Thinking up new ways to gag demonstrators -- not people who block clinic entrances, just ordinary protesters -- is a minor industry here in New York. A recent New York City Council bill would make it illegal near a clinic to offer an anti-abortion leaflet to anyone who doesn't want one. The bill would also ban oral protest and protest signs within a radius of 50 feet of any abortion clinic.
Getting do-good groups interested in free speech isn't easy. After the American Society of Newspaper Editors defended the First Amendment right to burn the American flag, I sent the group a letter saying that's nice, now send me your resolution condemning all the thefts and burnings of college newspapers. The reply was full of hemming and hawing about why it was inappropriate to take such a stand. The real reason, I think, is that most of the papers being stolen were conservative ones, and ASNE is a PC-drenched group that doesn't care much about the free-speech rights of student editors it disagrees with.
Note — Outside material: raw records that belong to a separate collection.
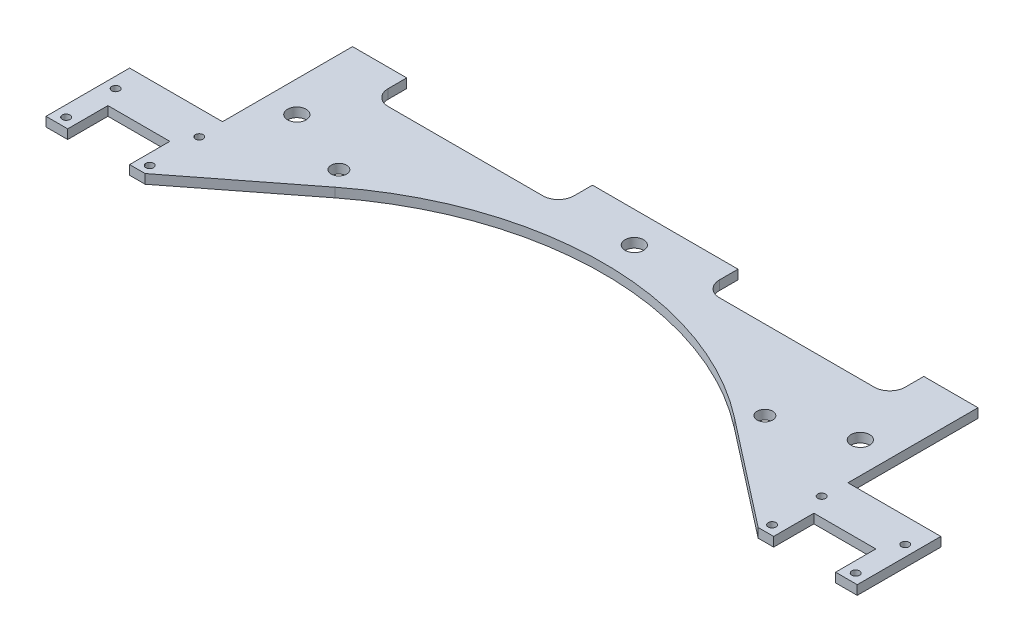
from build123d import *

# Parameters (mm, degrees)
ESQUISSE1_R      = 3
ESQUISSE1_R_2    = 1.25
ESQUISSE1_R_3    = 2.5
EXTRUSION1_DEPTH = 3


with BuildPart() as part:
    # Esquisse1 → Extrusion1 (new body)
    with BuildSketch(Plane(origin=(0, 0, 0), x_dir=(1, 0, 0), z_dir=(0, 1, 0))):
        with BuildLine():
            Line((-64.494367887, 52.858171056), (-99, 26))
            Line((-99, 26), (-104, 26))
            Line((-104, 26), (-104, 39))
            Line((-104, 39), (-124, 39))
            Line((-124, 39), (-124, 26))
            Line((-124, 26), (-131, 26))
            Line((-131, 26), (-131, 53))
            Line((-131, 53), (-101, 53))
            Line((-101, 53), (-101, 95))
            Line((-101, 95), (-83.5, 95))
            Line((-83.5, 95), (-83.5, 89))
            ThreePointArc((-83.5, 89), (-82.035533906, 85.464466094), (-78.5, 84))
            Line((-78.5, 84), (-28.5, 84))
            ThreePointArc((-28.5, 84), (-24.964466094, 85.464466094), (-23.5, 89))
            Line((-23.5, 89), (-23.5, 95))
            Line((-23.5, 95), (23.5, 95))
            Line((23.5, 95), (23.5, 89))
            ThreePointArc((23.5, 89), (24.964466094, 85.464466094), (28.5, 84))
            Line((28.5, 84), (78.5, 84))
            ThreePointArc((78.5, 84), (82.035533906, 85.464466094), (83.5, 89))
            Line((83.5, 89), (83.5, 95))
            Line((83.5, 95), (101, 95))
            Line((101, 95), (101, 53))
            Line((101, 53), (131, 53))
            Line((131, 53), (131, 26))
            Line((131, 26), (124, 26))
            Line((124, 26), (124, 39))
            Line((124, 39), (104, 39))
            Line((104, 39), (104, 26))
            Line((104, 26), (99, 26))
            Line((99, 26), (64.494367887, 52.858171056))
            ThreePointArc((64.494367887, 52.858171056), (0, 75), (-64.494367887, 52.858171056))
        make_face()
        with Locations((-91, 67)):
            Circle(ESQUISSE1_R, mode=Mode.SUBTRACT)
        with Locations((91, 67)):
            Circle(ESQUISSE1_R, mode=Mode.SUBTRACT)
        with Locations((-127.5, 45)):
            Circle(ESQUISSE1_R_2, mode=Mode.SUBTRACT)
        with Locations((-100.5, 45)):
            Circle(ESQUISSE1_R_2, mode=Mode.SUBTRACT)
        with Locations((-68.793992413, 58.382049127)):
            Circle(ESQUISSE1_R_3, mode=Mode.SUBTRACT)
        with Locations((68.793992413, 58.382049127)):
            Circle(ESQUISSE1_R_3, mode=Mode.SUBTRACT)
        with Locations((0, 85)):
            Circle(ESQUISSE1_R, mode=Mode.SUBTRACT)
        with Locations((-127.5, 29)):
            Circle(ESQUISSE1_R_2, mode=Mode.SUBTRACT)
        with Locations((-100.5, 29)):
            Circle(ESQUISSE1_R_2, mode=Mode.SUBTRACT)
        with Locations((100.5, 45)):
            Circle(ESQUISSE1_R_2, mode=Mode.SUBTRACT)
        with Locations((100.5, 29)):
            Circle(ESQUISSE1_R_2, mode=Mode.SUBTRACT)
        with Locations((127.5, 29)):
            Circle(ESQUISSE1_R_2, mode=Mode.SUBTRACT)
        with Locations((127.5, 45)):
            Circle(ESQUISSE1_R_2, mode=Mode.SUBTRACT)
    extrude(amount=EXTRUSION1_DEPTH)


solid = part.part

Amid the campus turmoil that followed the terrorism of Sept. 11, something unusual occurred: censorship of a few speakers on the left. Janis Besler Heaphy, for example, publisher of The Sacramento Bee, wanted to deliver a commencement speech at Cal State-Sacramento about threats to civil liberties in the federal response to terrorism. But she was shouted down by yahoos. Many elite newspapers then announced that we can't have censorship on campus, provoking the obvious question: Where have they been for the past 20 years of egregious speech codes, stolen papers, disinvited speakers, defunded organizations and other anti-free-speech tactics so common on campuses?
I also noticed that the student senate at Columbia University issued a ringing endorsement of free speech. I was pleased to see such a radical change at Columbia, because the university worked overtime to prevent Dinesh D'Souza and me from speaking there in 1998. We wound up giving our talks just off-campus, with protesters shouting things like, "Ha, ha, you're outside" and carrying signs that said "Access denied -- we win."
Columbia was, of course, teaching its students to deal with dissent by suppressing it. Maybe the university has really reformed, but somehow I think there's room for doubt.